--- START ---

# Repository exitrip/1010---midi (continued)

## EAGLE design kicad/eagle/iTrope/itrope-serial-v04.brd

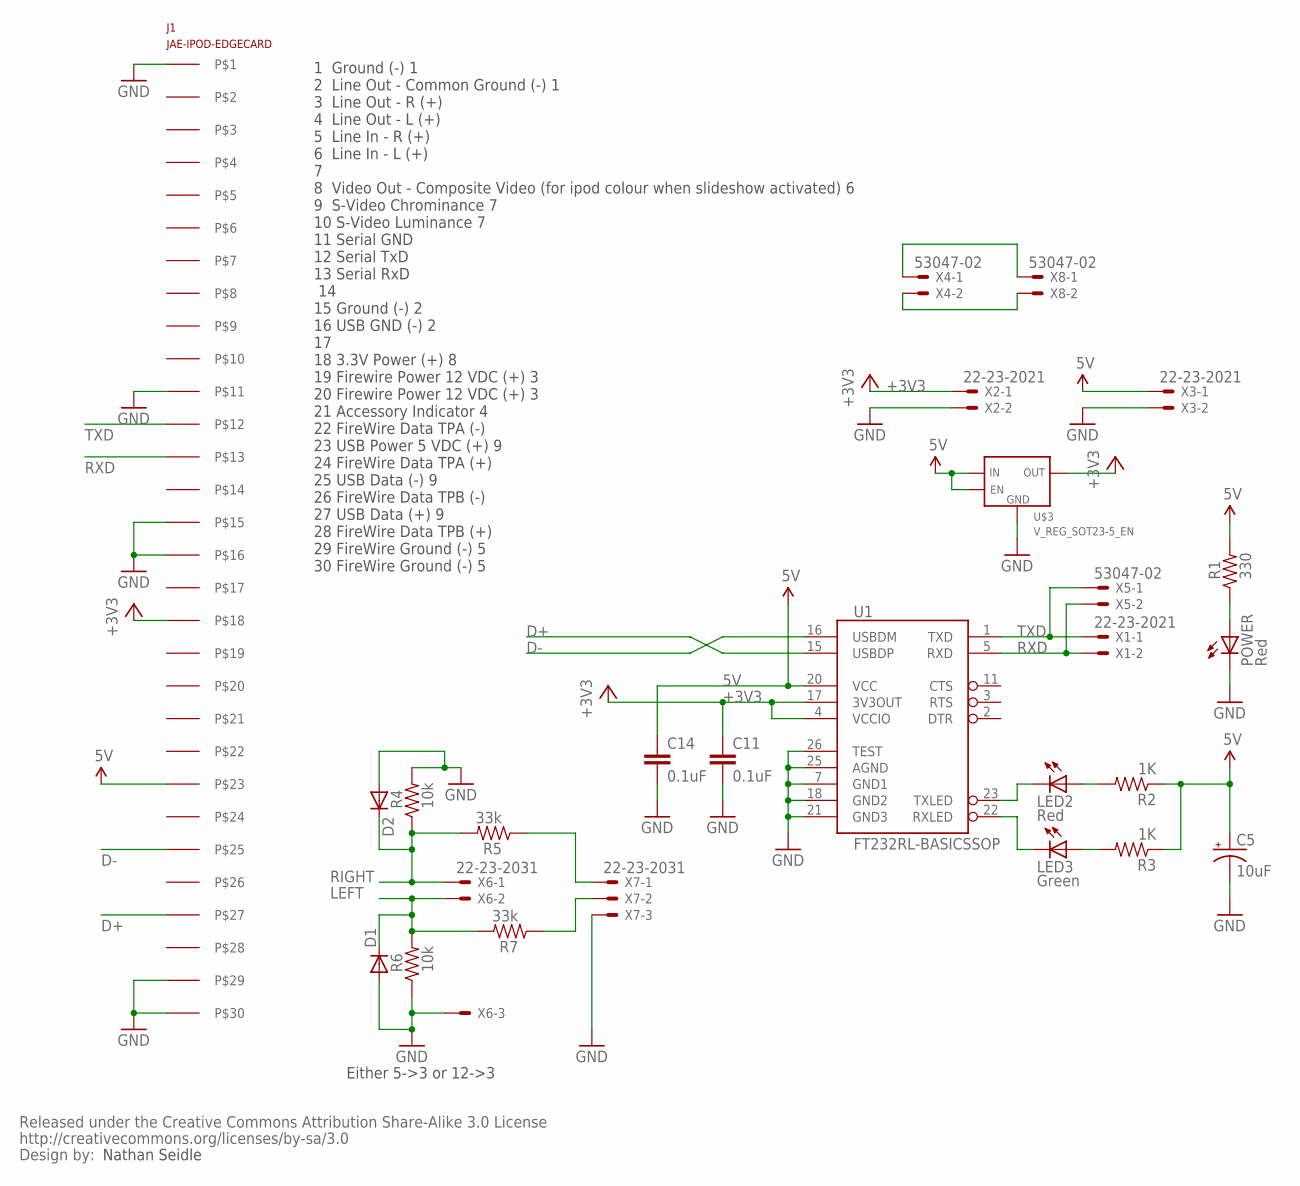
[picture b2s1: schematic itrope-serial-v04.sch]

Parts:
C5: 10uF; EIA3216
C11, C14: 0.1uF; C0402
D1, D2: DIODESOD; SOD-323
J1: JAE-IPOD-EDGECARD; 30PINEDGE
LED2: Red; LED-0603
LED3: Green; LED-0603
POWER: Red; LED-0603
R1: 330; C0402
R2, R3: 1K; C0402
R4, R6: 10k; C0402
R5, R7: 33k; C0402
U1: FT232RL-BASICSSOP; SSOP28DB
U$3: V_REG_SOT23-5_EN; SOT23-5
U$9: CREATIVE_COMMONS
X1, X2, X3: 22-23-2021
X4, X5, X8: 53047-02
X6, X7: 22-23-2031

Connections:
5V: C5.A (+), C14.1, J1.P$23, R1.2, R2.1, R3.1, U1.20 (VCC), U$3.1 (IN), U$3.3 (EN), X3.1
+3V3: C11.1, J1.P$18, U1.4 (VCCIO), U1.17 (3V3OUT), U$3.5 (OUT), X2.1
D+: J1.P$27, U1.15 (USBDP)
D-: J1.P$25, U1.16 (USBDM)
GND: C5.C (-), C11.2, C14.2, D1.2 (A), D2.2 (A), J1.P$1, J1.P$11, J1.P$15, J1.P$16, J1.P$29, J1.P$30, POWER.C, R4.2, R6.1, U1.7 (GND1), U1.18 (GND2), U1.21 (GND3), U1.25 (AGND), U1.26 (TEST), U$3.2 (GND), X2.2, X3.2, X6.3, X7.3
LEFT: D1.1 (C), R6.2, R7.2, X6.2
unnamed: POWER.A, R1.1
unnamed: R7.1, X7.2
unnamed: LED2.A, R2.2
unnamed: LED3.A, R3.2
unnamed: R5.1, X7.1
unnamed: X4.2, X8.2
unnamed: X4.1, X8.1
RIGHT: D2.1 (C), R4.1, R5.2, X6.1
RXD: J1.P$13, U1.5 (RXD), X1.2, X5.2
RXLED: LED3.C, U1.22 (RXLED)
TXD: J1.P$12, U1.1 (TXD), X1.1, X5.1
TXLED: LED2.C, U1.23 (TXLED)

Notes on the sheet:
Nathan Seidle
1 Ground (-) 1 2 Line Out - Common Ground (-) 1 3 Line Out - R (+) 4 Line Out - L (+) 5 Line In - R (+) 6 Line In - L (+) 7 8 Video Out - Composite Video (for ipod colour when slideshow activated) 6 9 S-Video Chrominance 7 10 S-Video Luminance 7 11 Serial GND 12 Serial TxD 13 Serial RxD 14 15 Groun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
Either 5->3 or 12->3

--- END ---

Activity: Using the records above, set down exactly the lines from the one with "R1: 330; C0402" through the one with "Nathan Seidle", inclusive, and nothing more.

Answer box:
R1: 330; C0402
R2, R3: 1K; C0402
R4, R6: 10k; C0402
R5, R7: 33k; C0402
U1: FT232RL-BASICSSOP; SSOP28DB
U$3: V_REG_SOT23-5_EN; SOT23-5
U$9: CREATIVE_COMMONS
X1, X2, X3: 22-23-2021
X4, X5, X8: 53047-02
X6, X7: 22-23-2031

Connections:
5V: C5.A (+), C14.1, J1.P$23, R1.2, R2.1, R3.1, U1.20 (VCC), U$3.1 (IN), U$3.3 (EN), X3.1
+3V3: C11.1, J1.P$18, U1.4 (VCCIO), U1.17 (3V3OUT), U$3.5 (OUT), X2.1
D+: J1.P$27, U1.15 (USBDP)
D-: J1.P$25, U1.16 (USBDM)
GND: C5.C (-), C11.2, C14.2, D1.2 (A), D2.2 (A), J1.P$1, J1.P$11, J1.P$15, J1.P$16, J1.P$29, J1.P$30, POWER.C, R4.2, R6.1, U1.7 (GND1), U1.18 (GND2), U1.21 (GND3), U1.25 (AGND), U1.26 (TEST), U$3.2 (GND), X2.2, X3.2, X6.3, X7.3
LEFT: D1.1 (C), R6.2, R7.2, X6.2
unnamed: POWER.A, R1.1
unnamed: R7.1, X7.2
unnamed: LED2.A, R2.2
unnamed: LED3.A, R3.2
unnamed: R5.1, X7.1
unnamed: X4.2, X8.2
unnamed: X4.1, X8.1
RIGHT: D2.1 (C), R4.1, R5.2, X6.1
RXD: J1.P$13, U1.5 (RXD), X1.2, X5.2
RXLED: LED3.C, U1.22 (RXLED)
TXD: J1.P$12, U1.1 (TXD), X1.1, X5.1
TXLED: LED2.C, U1.23 (TXLED)

Notes on the sheet:
Nathan Seidle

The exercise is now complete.